Smith begins his study of one of baseball’s most cursed teams in the early 1900s, when the Boston Pilgrims played at what is now the indoot athletic facility at Northeastern University. While many people have covered the history of the Red Sox, Smith frequently ties his discussion of the team with the status of Fenway at the particular time. He includes statistics about the varying lengths of the outfield and seating capacity; the rise and fall of attendance -- one game attracted just 461 people. He describes the many “Lucy-took-the-football” teases from which Townie fans suffered until “as psychologists will tell you, human beings usually revert to form.”

Most of all, Smith writes warmly of - and even dedicates Our House to - the man who is the source for many of his greatest Red Sox memories: Ted Williams. The left fielder’s hitting provides as much fond recollection as the autograph he received in 1966. “By the 1950s, yarns about the Kid outnumbered seagulls over Lansdowne Street,” and Smith includes many of them, all without losing focus of Fenway.

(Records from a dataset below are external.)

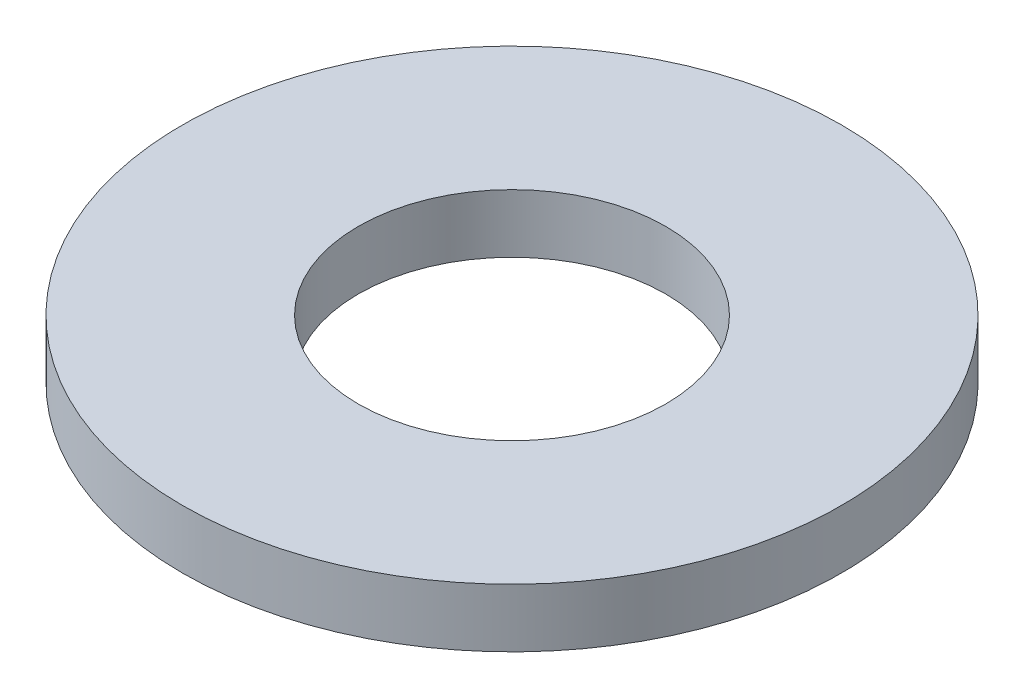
from build123d import *

# Parameters (mm, degrees)
SKETCH1_R           = 4.5
SKETCH1_R_2         = 2.1
BOSS_EXTRUDE1_DEPTH = 0.8


with BuildPart() as part:
    # Sketch1 → Boss-Extrude1 (new body)
    with BuildSketch(Plane(origin=(0, 0, 0), x_dir=(1, 0, 0), z_dir=(0, 1, 0))):
        with Locations(Location((0, 0, 0), (0, 0, 270))):
            Circle(SKETCH1_R)
        with Locations(Location((0, 0, 0), (0, 0, 270))):
            Circle(SKETCH1_R_2, mode=Mode.SUBTRACT)
    extrude(amount=BOSS_EXTRUDE1_DEPTH)


solid = part.part
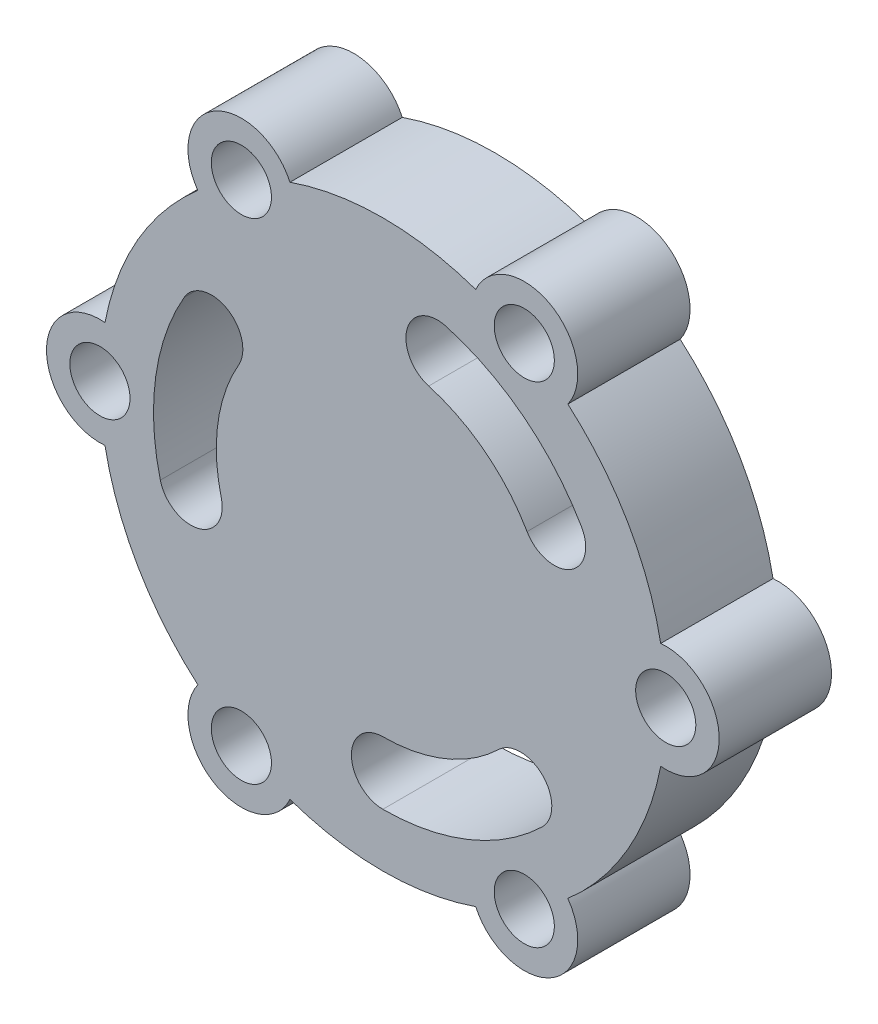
ISO-10303-21;
HEADER;
FILE_DESCRIPTION(('STEP AP214'),'2;1');
FILE_NAME('part.step','',(''),(''),'','','');
FILE_SCHEMA(('AUTOMOTIVE_DESIGN { 1 0 10303 214 1 1 1 1 }'));
ENDSEC;
DATA;
#1=APPLICATION_CONTEXT('core data for automotive mechanical design processes');
#2=APPLICATION_PROTOCOL_DEFINITION('international standard','automotive_design',2000,#1);
#3=PRODUCT_CONTEXT('',#1,'mechanical');
#4=PRODUCT('Part','Part','',(#3));
#5=PRODUCT_RELATED_PRODUCT_CATEGORY('part','',(#4));
#6=PRODUCT_DEFINITION_FORMATION('','',#4);
#7=PRODUCT_DEFINITION_CONTEXT('part definition',#1,'design');
#8=PRODUCT_DEFINITION('design','',#6,#7);
#9=PRODUCT_DEFINITION_SHAPE('','',#8);
#10=(LENGTH_UNIT() NAMED_UNIT(*) SI_UNIT(.MILLI.,.METRE.));
#11=(NAMED_UNIT(*) PLANE_ANGLE_UNIT() SI_UNIT($,.RADIAN.));
#12=(NAMED_UNIT(*) SI_UNIT($,.STERADIAN.) SOLID_ANGLE_UNIT());
#13=UNCERTAINTY_MEASURE_WITH_UNIT(LENGTH_MEASURE(1.E-05),#10,'distance_accuracy_value','');
#14=(GEOMETRIC_REPRESENTATION_CONTEXT(3) GLOBAL_UNCERTAINTY_ASSIGNED_CONTEXT((#13)) GLOBAL_UNIT_ASSIGNED_CONTEXT((#10,
#11,#12)) REPRESENTATION_CONTEXT('',''));
#15=CARTESIAN_POINT('',(0.,0.,0.));
#16=DIRECTION('',(0.,0.,1.));
#17=DIRECTION('',(1.,0.,0.));
#18=AXIS2_PLACEMENT_3D('',#15,#16,#17);
#19=CARTESIAN_POINT('',(25.1872205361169,0.,20.));
#20=DIRECTION('',(0.,0.,1.));
#21=DIRECTION('',(1.,0.,0.));
#22=AXIS2_PLACEMENT_3D('',#19,#20,#21);
#23=PLANE('',#22);
#24=CARTESIAN_POINT('',(-25.1872205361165,43.6255456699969,20.));
#25=DIRECTION('',(0.,0.,1.));
#26=DIRECTION('',(1.,0.,0.));
#27=AXIS2_PLACEMENT_3D('',#24,#25,#26);
#28=CIRCLE('',#27,5.35446502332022);
#29=CARTESIAN_POINT('',(-19.8327555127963,43.6255456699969,20.));
#30=VERTEX_POINT('',#29);
#31=EDGE_CURVE('E737',#30,#30,#28,.T.);
#32=ORIENTED_EDGE('',*,*,#31,.F.);
#33=EDGE_LOOP('',(#32));
#34=FACE_BOUND('',#33,.T.);
#35=CARTESIAN_POINT('',(-25.1872205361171,-43.6255456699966,20.));
#36=DIRECTION('',(0.,0.,1.));
#37=DIRECTION('',(1.,0.,0.));
#38=AXIS2_PLACEMENT_3D('',#35,#36,#37);
#39=CIRCLE('',#38,5.35446502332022);
#40=CARTESIAN_POINT('',(-19.8327555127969,-43.6255456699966,20.));
#41=VERTEX_POINT('',#40);
#42=EDGE_CURVE('E749',#41,#41,#39,.T.);
#43=ORIENTED_EDGE('',*,*,#42,.F.);
#44=EDGE_LOOP('',(#43));
#45=FACE_BOUND('',#44,.T.);
#46=CARTESIAN_POINT('',(50.3744410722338,0.,20.));
#47=DIRECTION('',(0.,0.,1.));
#48=DIRECTION('',(1.,0.,0.));
#49=AXIS2_PLACEMENT_3D('',#46,#47,#48);
#50=CIRCLE('',#49,5.35446502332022);
#51=CARTESIAN_POINT('',(55.728906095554,0.,20.));
#52=VERTEX_POINT('',#51);
#53=EDGE_CURVE('E223',#52,#52,#50,.T.);
#54=ORIENTED_EDGE('',*,*,#53,.F.);
#55=EDGE_LOOP('',(#54));
#56=FACE_BOUND('',#55,.T.);
#57=CARTESIAN_POINT('',(50.3744410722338,0.,20.));
#58=DIRECTION('',(0.,0.,1.));
#59=DIRECTION('',(1.,0.,0.));
#60=AXIS2_PLACEMENT_3D('',#57,#58,#59);
#61=CIRCLE('',#60,9.51422655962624);
#62=CARTESIAN_POINT('',(49.4759645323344,-9.47170770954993,20.));
#63=VERTEX_POINT('',#62);
#64=CARTESIAN_POINT('',(49.4759645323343,9.47170770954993,20.));
#65=VERTEX_POINT('',#64);
#66=EDGE_CURVE('E295',#63,#65,#61,.T.);
#67=ORIENTED_EDGE('',*,*,#66,.T.);
#68=CARTESIAN_POINT('',(0.,0.,20.));
#69=DIRECTION('',(0.,0.,1.));
#70=DIRECTION('',(1.,0.,0.));
#71=AXIS2_PLACEMENT_3D('',#68,#69,#70);
#72=CIRCLE('',#71,50.3744410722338);
#73=CARTESIAN_POINT('',(32.9407217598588,38.1115883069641,20.));
#74=VERTEX_POINT('',#73);
#75=EDGE_CURVE('E298',#65,#74,#72,.T.);
#76=ORIENTED_EDGE('',*,*,#75,.T.);
#77=CARTESIAN_POINT('',(25.1872205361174,43.6255456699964,20.));
#78=DIRECTION('',(0.,0.,1.));
#79=DIRECTION('',(1.,0.,0.));
#80=AXIS2_PLACEMENT_3D('',#77,#78,#79);
#81=CIRCLE('',#80,9.51422655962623);
#82=CARTESIAN_POINT('',(16.5352427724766,47.5832960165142,20.));
#83=VERTEX_POINT('',#82);
#84=EDGE_CURVE('E301',#74,#83,#81,.T.);
#85=ORIENTED_EDGE('',*,*,#84,.T.);
#86=CARTESIAN_POINT('',(0.,0.,20.));
#87=DIRECTION('',(0.,0.,1.));
#88=DIRECTION('',(1.,0.,0.));
#89=AXIS2_PLACEMENT_3D('',#86,#87,#88);
#90=CIRCLE('',#89,50.3744410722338);
#91=CARTESIAN_POINT('',(-16.5352427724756,47.5832960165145,20.));
#92=VERTEX_POINT('',#91);
#93=EDGE_CURVE('E303',#83,#92,#90,.T.);
#94=ORIENTED_EDGE('',*,*,#93,.T.);
#95=CARTESIAN_POINT('',(-25.1872205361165,43.6255456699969,20.));
#96=DIRECTION('',(0.,0.,1.));
#97=DIRECTION('',(1.,0.,0.));
#98=AXIS2_PLACEMENT_3D('',#95,#96,#97);
#99=CIRCLE('',#98,9.51422655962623);
#100=CARTESIAN_POINT('',(-32.940721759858,38.1115883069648,20.));
#101=VERTEX_POINT('',#100);
#102=EDGE_CURVE('E305',#92,#101,#99,.T.);
#103=ORIENTED_EDGE('',*,*,#102,.T.);
#104=CARTESIAN_POINT('',(0.,0.,20.));
#105=DIRECTION('',(0.,0.,1.));
#106=DIRECTION('',(1.,0.,0.));
#107=AXIS2_PLACEMENT_3D('',#104,#105,#106);
#108=CIRCLE('',#107,50.3744410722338);
#109=CARTESIAN_POINT('',(-49.4759645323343,9.47170770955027,20.));
#110=VERTEX_POINT('',#109);
#111=EDGE_CURVE('E307',#101,#110,#108,.T.);
#112=ORIENTED_EDGE('',*,*,#111,.T.);
#113=CARTESIAN_POINT('',(-50.3744410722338,3.51762841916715E-13,20.));
#114=DIRECTION('',(0.,0.,1.));
#115=DIRECTION('',(1.,0.,0.));
#116=AXIS2_PLACEMENT_3D('',#113,#114,#115);
#117=CIRCLE('',#116,9.51422655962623);
#118=CARTESIAN_POINT('',(-49.4759645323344,-9.47170770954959,20.));
#119=VERTEX_POINT('',#118);
#120=EDGE_CURVE('E309',#110,#119,#117,.T.);
#121=ORIENTED_EDGE('',*,*,#120,.T.);
#122=CARTESIAN_POINT('',(0.,0.,20.));
#123=DIRECTION('',(0.,0.,1.));
#124=DIRECTION('',(1.,0.,0.));
#125=AXIS2_PLACEMENT_3D('',#122,#123,#124);
#126=CIRCLE('',#125,50.3744410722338);
#127=CARTESIAN_POINT('',(-32.9407217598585,-38.1115883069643,20.));
#128=VERTEX_POINT('',#127);
#129=EDGE_CURVE('E311',#119,#128,#126,.T.);
#130=ORIENTED_EDGE('',*,*,#129,.T.);
#131=CARTESIAN_POINT('',(-25.1872205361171,-43.6255456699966,20.));
#132=DIRECTION('',(0.,0.,1.));
#133=DIRECTION('',(1.,0.,0.));
#134=AXIS2_PLACEMENT_3D('',#131,#132,#133);
#135=CIRCLE('',#134,9.51422655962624);
#136=CARTESIAN_POINT('',(-16.5352427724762,-47.5832960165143,20.));
#137=VERTEX_POINT('',#136);
#138=EDGE_CURVE('E313',#128,#137,#135,.T.);
#139=ORIENTED_EDGE('',*,*,#138,.T.);
#140=CARTESIAN_POINT('',(0.,0.,20.));
#141=DIRECTION('',(0.,0.,1.));
#142=DIRECTION('',(1.,0.,0.));
#143=AXIS2_PLACEMENT_3D('',#140,#141,#142);
#144=CIRCLE('',#143,50.3744410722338);
#145=CARTESIAN_POINT('',(16.5352427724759,-47.5832960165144,20.));
#146=VERTEX_POINT('',#145);
#147=EDGE_CURVE('E315',#137,#146,#144,.T.);
#148=ORIENTED_EDGE('',*,*,#147,.T.);
#149=CARTESIAN_POINT('',(25.1872205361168,-43.6255456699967,20.));
#150=DIRECTION('',(0.,0.,1.));
#151=DIRECTION('',(1.,0.,0.));
#152=AXIS2_PLACEMENT_3D('',#149,#150,#151);
#153=CIRCLE('',#152,9.51422655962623);
#154=CARTESIAN_POINT('',(32.9407217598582,-38.1115883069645,20.));
#155=VERTEX_POINT('',#154);
#156=EDGE_CURVE('E317',#146,#155,#153,.T.);
#157=ORIENTED_EDGE('',*,*,#156,.T.);
#158=CARTESIAN_POINT('',(0.,0.,20.));
#159=DIRECTION('',(0.,0.,1.));
#160=DIRECTION('',(1.,0.,0.));
#161=AXIS2_PLACEMENT_3D('',#158,#159,#160);
#162=CIRCLE('',#161,50.3744410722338);
#163=EDGE_CURVE('E319',#155,#63,#162,.T.);
#164=ORIENTED_EDGE('',*,*,#163,.T.);
#165=EDGE_LOOP('',(#67,#76,#85,#94,#103,#112,#121,#130,#139,#148,#157,#164));
#166=FACE_BOUND('',#165,.T.);
#167=CARTESIAN_POINT('',(7.25114412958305E-13,-1.26287869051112E-12,20.));
#168=DIRECTION('',(0.,0.,1.));
#169=DIRECTION('',(1.,0.,0.));
#170=AXIS2_PLACEMENT_3D('',#167,#168,#169);
#171=CIRCLE('',#170,40.8381265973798);
#172=CARTESIAN_POINT('',(35.3668550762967,20.4190632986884,20.));
#173=VERTEX_POINT('',#172);
#174=CARTESIAN_POINT('',(11.2406439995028,39.2606737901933,20.));
#175=VERTEX_POINT('',#174);
#176=EDGE_CURVE('E266',#173,#175,#171,.T.);
#177=ORIENTED_EDGE('',*,*,#176,.F.);
#178=CARTESIAN_POINT('',(30.5221471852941,17.621969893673,20.));
#179=DIRECTION('',(0.,0.,1.));
#180=DIRECTION('',(1.,0.,0.));
#181=AXIS2_PLACEMENT_3D('',#178,#179,#180);
#182=CIRCLE('',#181,5.59418681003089);
#183=CARTESIAN_POINT('',(25.6774392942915,14.8248764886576,20.));
#184=VERTEX_POINT('',#183);
#185=EDGE_CURVE('E264',#184,#173,#182,.T.);
#186=ORIENTED_EDGE('',*,*,#185,.F.);
#187=CARTESIAN_POINT('',(7.25114412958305E-13,-1.26287869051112E-12,20.));
#188=DIRECTION('',(0.,0.,-1.));
#189=DIRECTION('',(1.,0.,0.));
#190=AXIS2_PLACEMENT_3D('',#187,#188,#189);
#191=CIRCLE('',#190,29.649752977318);
#192=CARTESIAN_POINT('',(8.16105795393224,28.5044730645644,20.));
#193=VERTEX_POINT('',#192);
#194=EDGE_CURVE('E272',#193,#184,#191,.T.);
#195=ORIENTED_EDGE('',*,*,#194,.F.);
#196=CARTESIAN_POINT('',(9.70085097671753,33.8825734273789,20.));
#197=DIRECTION('',(0.,0.,1.));
#198=DIRECTION('',(1.,0.,0.));
#199=AXIS2_PLACEMENT_3D('',#196,#197,#198);
#200=CIRCLE('',#199,5.59418681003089);
#201=EDGE_CURVE('E269',#175,#193,#200,.T.);
#202=ORIENTED_EDGE('',*,*,#201,.F.);
#203=EDGE_LOOP('',(#177,#186,#195,#202));
#204=FACE_BOUND('',#203,.T.);
#205=CARTESIAN_POINT('',(7.25114412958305E-13,-1.26287869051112E-12,20.));
#206=DIRECTION('',(0.,0.,1.));
#207=DIRECTION('',(1.,0.,0.));
#208=AXIS2_PLACEMENT_3D('',#205,#206,#207);
#209=CIRCLE('',#208,40.8381265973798);
#210=CARTESIAN_POINT('',(4.27440228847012E-13,-40.838126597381,20.));
#211=VERTEX_POINT('',#210);
#212=CARTESIAN_POINT('',(28.3804188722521,-29.3650201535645,20.));
#213=VERTEX_POINT('',#212);
#214=EDGE_CURVE('E235',#211,#213,#209,.T.);
#215=ORIENTED_EDGE('',*,*,#214,.F.);
#216=CARTESIAN_POINT('',(4.83737870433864E-13,-35.2439397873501,20.));
#217=DIRECTION('',(0.,0.,1.));
#218=DIRECTION('',(1.,0.,0.));
#219=AXIS2_PLACEMENT_3D('',#216,#217,#218);
#220=CIRCLE('',#219,5.59418681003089);
#221=CARTESIAN_POINT('',(5.08993675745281E-13,-29.6497529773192,20.));
#222=VERTEX_POINT('',#221);
#223=EDGE_CURVE('E233',#222,#211,#220,.T.);
#224=ORIENTED_EDGE('',*,*,#223,.F.);
#225=CARTESIAN_POINT('',(7.25114412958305E-13,-1.26287869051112E-12,20.));
#226=DIRECTION('',(0.,0.,-1.));
#227=DIRECTION('',(1.,0.,0.));
#228=AXIS2_PLACEMENT_3D('',#225,#226,#227);
#229=CIRCLE('',#228,29.649752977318);
#230=CARTESIAN_POINT('',(20.6050688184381,-21.3199200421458,20.));
#231=VERTEX_POINT('',#230);
#232=EDGE_CURVE('E241',#231,#222,#229,.T.);
#233=ORIENTED_EDGE('',*,*,#232,.F.);
#234=CARTESIAN_POINT('',(24.4927438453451,-25.3424700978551,20.));
#235=DIRECTION('',(0.,0.,1.));
#236=DIRECTION('',(1.,0.,0.));
#237=AXIS2_PLACEMENT_3D('',#234,#235,#236);
#238=CIRCLE('',#237,5.59418681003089);
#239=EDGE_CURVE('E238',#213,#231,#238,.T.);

So often, sports writing becomes cliched and pedestrian, which makes reading Our House that much more of a welcome treat, like cold water on an afternoon date with the bleachers. Of the 1940-41 Red Sox Smith writes, “Quietly, like still water shedding ice, the Red Sox flowed with Hall of Famers.” John Updike recalls “the uproarious clatter when a foul ball sailed into the broadcast booth.” Even the photo captions are witty: “The dictionary defines logic as the science of correct reasoning. Mo Vaughn became league MVP, led the 1993-98 Sox in homers, and was then dispatched to California.”

As Boston Globe associate editor Martin F. Nolan says, Fenway is “a ballpark, not a stadium. ... a talisman for the poetically inclined.” Occasionally, Smith gets carried away, even for Red Sox musings. By his fourth or fifth bashing of “gray-and-concrete” bowls, we more than understand that the likes of Shea Stadium (beyond the obvious 1986 horror), Astroturf and retractable roofs represent an evil worse than the designated hitter.

The writing also assumes a little too much of a familiarity with Boston baseball history. It isn’t clear until looking at one of the 50 pages of outstanding, obsessively compiled appendices that the Boston Pilgrims became the Boston Red Sox in 1907. The first references to stars such as Carl Yastrzemski and Nomar Garciaparra are confusing more than creative; even a history- and research-loving fan such as myself can become befuddled.

But these are minor quibbles of a tribute nicely timed to coordinate with plans for a new Red Sox home. Our House makes one further appreciate how Fenway has, according to current Red Sox radio announcer Joe Castiglione, “the feeling of a real city neighborhood spilling over into the park itself.” After reading this book, any true baseball fan will want to order tickets for a Fenway game as soon as possible.